■ WHAT NEEDS TO BE DONE ■
For this exercise, reproduce the entries below exactly, but only from the line containing "RMS/1 -> To Workspace/1, Scope2/1" through the line containing "Three-Phase Series RLC Load/LConn3", both included.

:: PROVIDED DATA ::

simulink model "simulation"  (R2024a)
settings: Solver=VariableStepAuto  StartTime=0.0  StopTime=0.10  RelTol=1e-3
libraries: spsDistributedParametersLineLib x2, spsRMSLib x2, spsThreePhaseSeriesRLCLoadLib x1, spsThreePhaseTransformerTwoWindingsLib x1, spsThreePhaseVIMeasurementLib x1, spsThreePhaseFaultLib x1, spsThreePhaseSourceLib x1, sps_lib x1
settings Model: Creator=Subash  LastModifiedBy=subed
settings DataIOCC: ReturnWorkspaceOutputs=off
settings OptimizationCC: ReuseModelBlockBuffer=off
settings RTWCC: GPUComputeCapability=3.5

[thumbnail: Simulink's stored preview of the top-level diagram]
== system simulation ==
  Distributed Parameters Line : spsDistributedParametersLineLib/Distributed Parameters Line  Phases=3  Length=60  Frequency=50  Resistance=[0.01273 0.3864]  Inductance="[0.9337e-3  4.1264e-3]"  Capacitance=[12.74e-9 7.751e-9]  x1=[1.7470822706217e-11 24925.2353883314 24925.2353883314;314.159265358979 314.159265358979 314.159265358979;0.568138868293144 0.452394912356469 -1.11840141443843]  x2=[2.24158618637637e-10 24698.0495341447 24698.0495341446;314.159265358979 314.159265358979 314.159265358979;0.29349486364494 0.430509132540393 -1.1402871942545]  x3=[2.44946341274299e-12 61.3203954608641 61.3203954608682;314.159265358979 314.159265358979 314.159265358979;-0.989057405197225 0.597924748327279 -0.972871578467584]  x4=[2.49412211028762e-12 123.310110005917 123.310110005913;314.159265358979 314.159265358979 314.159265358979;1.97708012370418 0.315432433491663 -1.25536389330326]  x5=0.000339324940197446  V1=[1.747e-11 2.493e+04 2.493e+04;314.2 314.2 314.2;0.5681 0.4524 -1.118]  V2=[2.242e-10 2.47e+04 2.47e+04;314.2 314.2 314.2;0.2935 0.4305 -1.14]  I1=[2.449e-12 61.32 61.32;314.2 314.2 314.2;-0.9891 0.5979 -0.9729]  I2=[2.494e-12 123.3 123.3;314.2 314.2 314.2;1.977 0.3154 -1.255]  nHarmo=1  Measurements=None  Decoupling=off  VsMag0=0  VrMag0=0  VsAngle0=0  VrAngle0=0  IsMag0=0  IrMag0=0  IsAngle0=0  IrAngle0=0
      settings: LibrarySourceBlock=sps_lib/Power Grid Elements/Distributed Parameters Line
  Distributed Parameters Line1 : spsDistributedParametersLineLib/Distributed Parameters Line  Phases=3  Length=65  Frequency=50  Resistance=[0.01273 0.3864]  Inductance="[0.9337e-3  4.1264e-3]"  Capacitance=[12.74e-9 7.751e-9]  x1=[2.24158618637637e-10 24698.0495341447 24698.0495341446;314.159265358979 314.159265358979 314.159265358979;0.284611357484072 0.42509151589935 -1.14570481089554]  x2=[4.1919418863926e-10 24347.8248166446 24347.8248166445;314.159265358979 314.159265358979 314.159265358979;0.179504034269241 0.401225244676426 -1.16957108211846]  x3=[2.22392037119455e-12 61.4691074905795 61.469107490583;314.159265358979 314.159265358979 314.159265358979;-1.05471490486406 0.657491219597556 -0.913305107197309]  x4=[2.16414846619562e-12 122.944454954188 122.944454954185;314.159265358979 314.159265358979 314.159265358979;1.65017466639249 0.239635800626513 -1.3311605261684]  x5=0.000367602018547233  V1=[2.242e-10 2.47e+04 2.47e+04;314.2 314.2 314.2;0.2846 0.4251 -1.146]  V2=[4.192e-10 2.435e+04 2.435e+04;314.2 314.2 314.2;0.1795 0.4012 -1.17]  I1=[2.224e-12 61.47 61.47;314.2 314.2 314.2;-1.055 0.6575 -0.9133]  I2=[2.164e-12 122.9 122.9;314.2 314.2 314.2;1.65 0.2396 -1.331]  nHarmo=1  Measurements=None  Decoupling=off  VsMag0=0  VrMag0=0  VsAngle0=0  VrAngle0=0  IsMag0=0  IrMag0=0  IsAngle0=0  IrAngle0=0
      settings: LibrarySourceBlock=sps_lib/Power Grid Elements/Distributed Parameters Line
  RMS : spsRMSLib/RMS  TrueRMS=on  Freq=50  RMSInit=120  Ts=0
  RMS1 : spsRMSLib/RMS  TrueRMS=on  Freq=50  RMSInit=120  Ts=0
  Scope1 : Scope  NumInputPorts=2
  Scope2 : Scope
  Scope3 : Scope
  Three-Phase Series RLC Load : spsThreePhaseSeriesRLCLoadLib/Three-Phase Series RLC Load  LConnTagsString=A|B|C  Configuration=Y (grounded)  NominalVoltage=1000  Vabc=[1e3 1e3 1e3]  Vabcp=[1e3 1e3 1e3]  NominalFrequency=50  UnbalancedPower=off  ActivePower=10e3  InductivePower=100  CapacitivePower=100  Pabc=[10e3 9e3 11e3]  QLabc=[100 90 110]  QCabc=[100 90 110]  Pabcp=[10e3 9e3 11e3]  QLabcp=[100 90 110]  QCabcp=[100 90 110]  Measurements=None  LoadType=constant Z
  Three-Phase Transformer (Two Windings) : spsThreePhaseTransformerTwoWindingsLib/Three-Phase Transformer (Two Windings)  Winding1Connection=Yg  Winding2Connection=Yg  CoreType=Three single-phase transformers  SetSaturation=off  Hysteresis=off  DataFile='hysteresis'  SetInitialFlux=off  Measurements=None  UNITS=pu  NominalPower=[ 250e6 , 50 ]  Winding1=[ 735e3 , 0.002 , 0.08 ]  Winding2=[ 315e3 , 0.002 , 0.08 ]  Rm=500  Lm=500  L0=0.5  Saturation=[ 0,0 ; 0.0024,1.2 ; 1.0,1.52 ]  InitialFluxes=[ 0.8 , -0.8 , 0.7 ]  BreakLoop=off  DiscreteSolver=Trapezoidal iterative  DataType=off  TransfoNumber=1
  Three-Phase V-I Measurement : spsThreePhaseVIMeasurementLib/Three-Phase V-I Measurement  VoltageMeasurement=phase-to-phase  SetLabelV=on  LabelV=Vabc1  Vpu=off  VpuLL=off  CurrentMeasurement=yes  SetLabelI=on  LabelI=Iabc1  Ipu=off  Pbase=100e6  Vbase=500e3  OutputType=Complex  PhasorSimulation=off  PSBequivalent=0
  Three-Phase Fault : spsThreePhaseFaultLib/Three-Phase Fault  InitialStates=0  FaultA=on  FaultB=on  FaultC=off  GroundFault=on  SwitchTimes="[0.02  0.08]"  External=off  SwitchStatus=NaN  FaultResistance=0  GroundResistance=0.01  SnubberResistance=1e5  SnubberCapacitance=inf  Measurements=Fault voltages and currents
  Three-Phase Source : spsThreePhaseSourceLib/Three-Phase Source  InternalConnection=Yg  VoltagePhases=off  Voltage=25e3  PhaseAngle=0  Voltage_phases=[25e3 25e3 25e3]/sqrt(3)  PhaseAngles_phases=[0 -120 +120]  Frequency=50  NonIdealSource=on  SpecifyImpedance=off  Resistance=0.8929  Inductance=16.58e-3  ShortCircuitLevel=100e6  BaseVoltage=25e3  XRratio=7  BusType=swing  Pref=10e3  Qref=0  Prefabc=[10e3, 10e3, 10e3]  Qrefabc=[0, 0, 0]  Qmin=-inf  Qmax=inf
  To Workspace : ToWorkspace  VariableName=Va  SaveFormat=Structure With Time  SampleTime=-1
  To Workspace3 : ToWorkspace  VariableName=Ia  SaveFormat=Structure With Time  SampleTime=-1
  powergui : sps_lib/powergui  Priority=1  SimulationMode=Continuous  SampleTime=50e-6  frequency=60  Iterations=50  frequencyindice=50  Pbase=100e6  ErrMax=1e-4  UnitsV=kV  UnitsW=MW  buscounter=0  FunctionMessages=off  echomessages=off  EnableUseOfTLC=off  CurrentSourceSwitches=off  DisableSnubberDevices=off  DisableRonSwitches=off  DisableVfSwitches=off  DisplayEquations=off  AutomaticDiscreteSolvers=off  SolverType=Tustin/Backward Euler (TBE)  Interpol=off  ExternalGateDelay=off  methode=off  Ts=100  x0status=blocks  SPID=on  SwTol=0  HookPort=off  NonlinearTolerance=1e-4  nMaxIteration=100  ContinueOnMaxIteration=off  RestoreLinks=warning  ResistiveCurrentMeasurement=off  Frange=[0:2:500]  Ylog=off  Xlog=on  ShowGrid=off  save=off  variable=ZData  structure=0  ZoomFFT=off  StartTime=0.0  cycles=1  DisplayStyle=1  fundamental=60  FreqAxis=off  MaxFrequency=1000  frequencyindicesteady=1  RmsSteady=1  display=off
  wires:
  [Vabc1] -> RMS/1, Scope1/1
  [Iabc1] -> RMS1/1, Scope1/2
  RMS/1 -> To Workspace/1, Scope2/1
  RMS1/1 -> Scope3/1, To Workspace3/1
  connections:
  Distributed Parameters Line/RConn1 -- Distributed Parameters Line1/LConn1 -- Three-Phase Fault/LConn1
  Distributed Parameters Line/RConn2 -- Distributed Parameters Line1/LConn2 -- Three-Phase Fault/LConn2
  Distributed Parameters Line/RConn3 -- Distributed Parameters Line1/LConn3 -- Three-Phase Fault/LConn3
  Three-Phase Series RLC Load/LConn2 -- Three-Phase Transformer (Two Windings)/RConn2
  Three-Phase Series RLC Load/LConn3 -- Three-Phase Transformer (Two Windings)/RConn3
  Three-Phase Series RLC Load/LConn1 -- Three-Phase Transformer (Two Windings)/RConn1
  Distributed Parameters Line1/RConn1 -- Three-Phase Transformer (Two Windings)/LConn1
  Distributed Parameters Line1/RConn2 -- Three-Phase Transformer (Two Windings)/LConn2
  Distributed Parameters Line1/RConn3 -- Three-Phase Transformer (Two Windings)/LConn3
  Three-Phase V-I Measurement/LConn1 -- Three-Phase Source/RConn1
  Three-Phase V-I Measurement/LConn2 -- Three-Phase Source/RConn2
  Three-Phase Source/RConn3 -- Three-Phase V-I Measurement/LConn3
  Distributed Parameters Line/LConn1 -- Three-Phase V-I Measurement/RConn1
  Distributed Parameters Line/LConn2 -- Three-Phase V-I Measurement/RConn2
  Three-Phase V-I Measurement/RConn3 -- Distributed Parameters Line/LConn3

:::

■ WORKED SOLUTION ■
  RMS/1 -> To Workspace/1, Scope2/1
  RMS1/1 -> Scope3/1, To Workspace3/1
  connections:
  Distributed Parameters Line/RConn1 -- Distributed Parameters Line1/LConn1 -- Three-Phase Fault/LConn1
  Distributed Parameters Line/RConn2 -- Distributed Parameters Line1/LConn2 -- Three-Phase Fault/LConn2
  Distributed Parameters Line/RConn3 -- Distributed Parameters Line1/LConn3 -- Three-Phase Fault/LConn3
  Three-Phase Series RLC Load/LConn2 -- Three-Phase Transformer (Two Windings)/RConn2
  Three-Phase Series RLC Load/LConn3 -- Three-Phase Transformer (Two Windings)/RConn3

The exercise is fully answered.